-- HOW TO COMPLETE THIS TASK --
Determine which lines of the records include the word "ezdxf", and copy them.
--- DATA SHOWN Enclosed Below ---
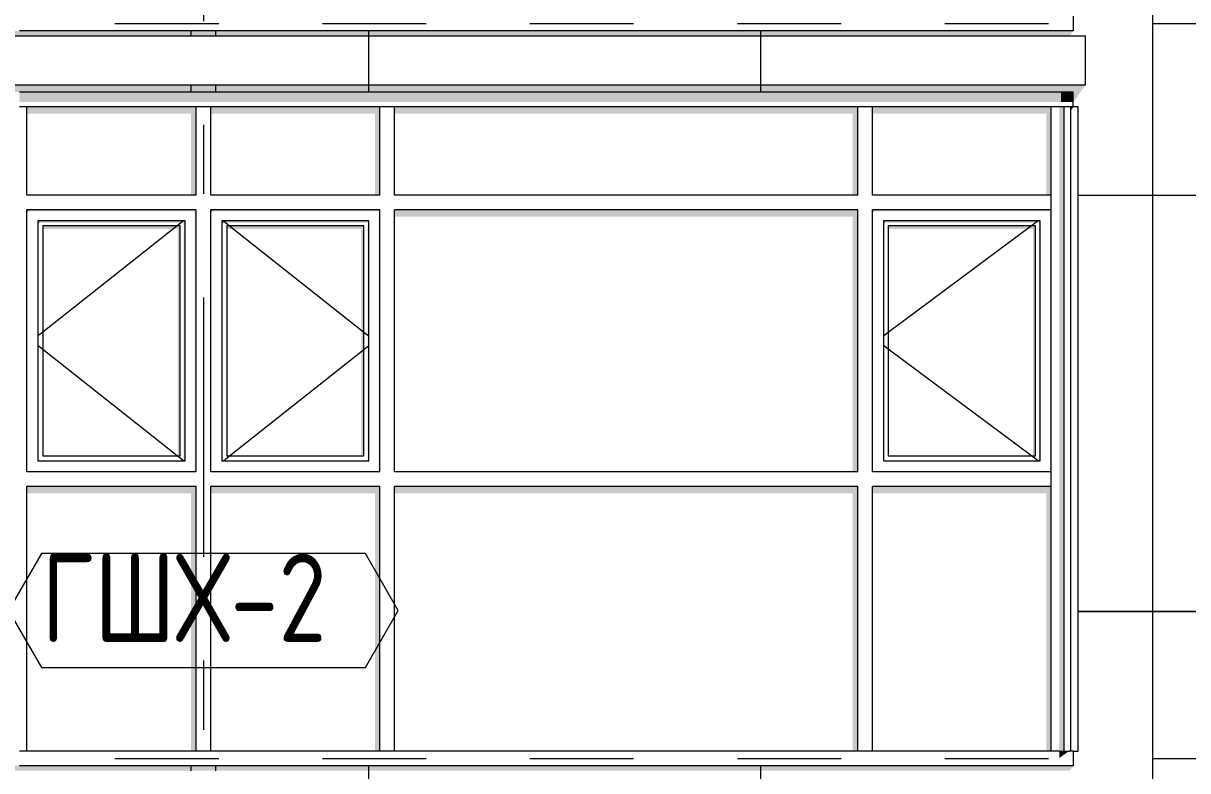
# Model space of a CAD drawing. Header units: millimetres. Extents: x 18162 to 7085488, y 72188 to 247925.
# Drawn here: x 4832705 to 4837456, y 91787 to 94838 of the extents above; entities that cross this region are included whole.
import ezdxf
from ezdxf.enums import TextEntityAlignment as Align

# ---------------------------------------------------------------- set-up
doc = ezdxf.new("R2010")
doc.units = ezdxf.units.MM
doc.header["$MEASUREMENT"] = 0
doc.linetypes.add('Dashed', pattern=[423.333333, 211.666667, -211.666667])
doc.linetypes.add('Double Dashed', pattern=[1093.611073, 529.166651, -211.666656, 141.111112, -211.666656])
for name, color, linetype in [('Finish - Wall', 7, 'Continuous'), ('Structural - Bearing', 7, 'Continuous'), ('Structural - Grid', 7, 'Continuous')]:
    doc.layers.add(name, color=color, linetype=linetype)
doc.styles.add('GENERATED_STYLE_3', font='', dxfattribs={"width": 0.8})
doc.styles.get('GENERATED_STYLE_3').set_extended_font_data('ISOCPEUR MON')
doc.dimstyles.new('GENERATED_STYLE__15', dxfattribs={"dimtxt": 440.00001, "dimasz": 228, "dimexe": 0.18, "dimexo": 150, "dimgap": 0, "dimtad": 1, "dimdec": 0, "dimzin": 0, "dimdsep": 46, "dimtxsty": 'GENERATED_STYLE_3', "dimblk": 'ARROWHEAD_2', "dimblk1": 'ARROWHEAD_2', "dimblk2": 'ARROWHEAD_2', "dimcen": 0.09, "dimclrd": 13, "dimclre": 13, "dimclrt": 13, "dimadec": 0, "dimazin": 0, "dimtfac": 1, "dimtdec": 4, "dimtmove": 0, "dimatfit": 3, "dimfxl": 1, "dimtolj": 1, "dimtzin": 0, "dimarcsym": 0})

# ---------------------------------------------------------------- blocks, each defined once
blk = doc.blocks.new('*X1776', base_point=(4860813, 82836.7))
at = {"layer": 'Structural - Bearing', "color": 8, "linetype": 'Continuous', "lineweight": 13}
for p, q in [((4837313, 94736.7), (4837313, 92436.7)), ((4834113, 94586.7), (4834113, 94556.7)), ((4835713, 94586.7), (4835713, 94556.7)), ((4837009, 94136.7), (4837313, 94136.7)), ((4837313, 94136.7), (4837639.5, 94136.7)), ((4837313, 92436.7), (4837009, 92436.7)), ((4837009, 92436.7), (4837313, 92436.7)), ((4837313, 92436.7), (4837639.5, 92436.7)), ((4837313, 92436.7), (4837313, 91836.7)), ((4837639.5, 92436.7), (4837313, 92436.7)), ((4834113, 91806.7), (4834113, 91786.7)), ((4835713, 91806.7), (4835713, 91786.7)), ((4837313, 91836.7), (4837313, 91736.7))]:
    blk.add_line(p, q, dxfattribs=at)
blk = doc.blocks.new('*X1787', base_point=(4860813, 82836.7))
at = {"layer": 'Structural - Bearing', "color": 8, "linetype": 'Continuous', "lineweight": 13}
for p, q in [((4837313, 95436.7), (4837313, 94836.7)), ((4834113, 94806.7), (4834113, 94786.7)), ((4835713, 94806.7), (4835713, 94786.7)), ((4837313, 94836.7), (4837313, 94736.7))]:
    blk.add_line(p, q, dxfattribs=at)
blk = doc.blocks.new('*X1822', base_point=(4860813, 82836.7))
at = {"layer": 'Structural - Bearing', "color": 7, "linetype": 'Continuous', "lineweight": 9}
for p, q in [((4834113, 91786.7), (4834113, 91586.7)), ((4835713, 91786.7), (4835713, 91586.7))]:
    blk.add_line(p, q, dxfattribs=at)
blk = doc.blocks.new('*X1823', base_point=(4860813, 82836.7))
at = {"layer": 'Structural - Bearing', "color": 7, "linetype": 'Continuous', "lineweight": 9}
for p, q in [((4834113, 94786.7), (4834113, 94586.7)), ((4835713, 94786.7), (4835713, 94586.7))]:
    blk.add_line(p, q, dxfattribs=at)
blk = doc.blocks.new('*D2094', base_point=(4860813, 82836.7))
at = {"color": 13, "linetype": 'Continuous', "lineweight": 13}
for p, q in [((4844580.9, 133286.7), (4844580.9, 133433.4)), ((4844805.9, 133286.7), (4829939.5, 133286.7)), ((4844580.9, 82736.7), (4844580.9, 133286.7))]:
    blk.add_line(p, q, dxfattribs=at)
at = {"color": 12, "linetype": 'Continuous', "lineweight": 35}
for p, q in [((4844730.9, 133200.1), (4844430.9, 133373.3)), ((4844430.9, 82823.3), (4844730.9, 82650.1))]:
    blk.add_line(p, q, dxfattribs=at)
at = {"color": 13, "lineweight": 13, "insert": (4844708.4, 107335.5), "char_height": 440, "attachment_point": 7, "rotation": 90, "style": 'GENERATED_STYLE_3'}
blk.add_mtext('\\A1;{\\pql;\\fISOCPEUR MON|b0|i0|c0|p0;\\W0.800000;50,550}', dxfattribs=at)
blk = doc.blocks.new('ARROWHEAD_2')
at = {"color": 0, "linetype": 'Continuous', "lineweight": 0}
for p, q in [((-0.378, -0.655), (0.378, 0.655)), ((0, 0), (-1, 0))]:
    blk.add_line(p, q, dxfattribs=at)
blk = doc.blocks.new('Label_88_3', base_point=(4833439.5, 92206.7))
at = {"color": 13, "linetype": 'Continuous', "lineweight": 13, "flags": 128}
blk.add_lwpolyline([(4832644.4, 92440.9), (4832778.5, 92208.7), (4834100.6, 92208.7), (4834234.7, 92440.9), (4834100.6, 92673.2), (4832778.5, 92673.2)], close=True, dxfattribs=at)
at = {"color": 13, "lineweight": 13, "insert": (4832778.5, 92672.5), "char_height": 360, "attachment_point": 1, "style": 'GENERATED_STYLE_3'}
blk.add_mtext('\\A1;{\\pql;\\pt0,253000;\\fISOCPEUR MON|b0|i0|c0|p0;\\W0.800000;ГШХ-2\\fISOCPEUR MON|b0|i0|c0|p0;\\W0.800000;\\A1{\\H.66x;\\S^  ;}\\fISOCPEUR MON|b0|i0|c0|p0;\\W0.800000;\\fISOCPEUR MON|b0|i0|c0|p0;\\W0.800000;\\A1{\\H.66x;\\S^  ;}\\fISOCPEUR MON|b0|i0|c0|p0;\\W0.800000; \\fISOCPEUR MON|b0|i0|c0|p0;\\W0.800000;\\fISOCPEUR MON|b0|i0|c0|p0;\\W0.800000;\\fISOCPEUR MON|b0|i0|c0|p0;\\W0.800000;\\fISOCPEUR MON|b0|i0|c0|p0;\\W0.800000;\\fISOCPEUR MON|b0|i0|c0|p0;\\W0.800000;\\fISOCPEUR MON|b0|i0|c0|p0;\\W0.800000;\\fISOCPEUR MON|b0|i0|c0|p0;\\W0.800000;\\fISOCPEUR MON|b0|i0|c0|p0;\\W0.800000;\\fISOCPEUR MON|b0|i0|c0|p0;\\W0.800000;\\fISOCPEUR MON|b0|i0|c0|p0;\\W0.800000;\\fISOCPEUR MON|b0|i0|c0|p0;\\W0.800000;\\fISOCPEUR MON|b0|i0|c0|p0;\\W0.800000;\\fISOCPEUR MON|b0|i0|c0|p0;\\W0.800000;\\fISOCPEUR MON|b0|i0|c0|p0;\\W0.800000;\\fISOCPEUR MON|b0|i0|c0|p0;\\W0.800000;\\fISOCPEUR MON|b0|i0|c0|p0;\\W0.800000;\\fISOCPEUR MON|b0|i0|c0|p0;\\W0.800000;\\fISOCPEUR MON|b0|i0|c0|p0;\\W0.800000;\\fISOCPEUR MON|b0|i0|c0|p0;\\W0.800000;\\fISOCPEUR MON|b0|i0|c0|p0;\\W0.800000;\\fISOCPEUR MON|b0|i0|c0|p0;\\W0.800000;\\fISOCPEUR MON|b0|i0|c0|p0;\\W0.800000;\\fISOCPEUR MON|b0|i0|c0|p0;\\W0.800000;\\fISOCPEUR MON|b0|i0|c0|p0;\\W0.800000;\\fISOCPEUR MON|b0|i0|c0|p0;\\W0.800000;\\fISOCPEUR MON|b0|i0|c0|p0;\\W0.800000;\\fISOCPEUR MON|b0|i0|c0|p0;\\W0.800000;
--- End of Enclosed DATA SHOWN ---
-- RESULT FOR THIS EXERCISE --
import ezdxf
from ezdxf.enums import TextEntityAlignment as Align
doc = ezdxf.new("R2010")
doc.units = ezdxf.units.MM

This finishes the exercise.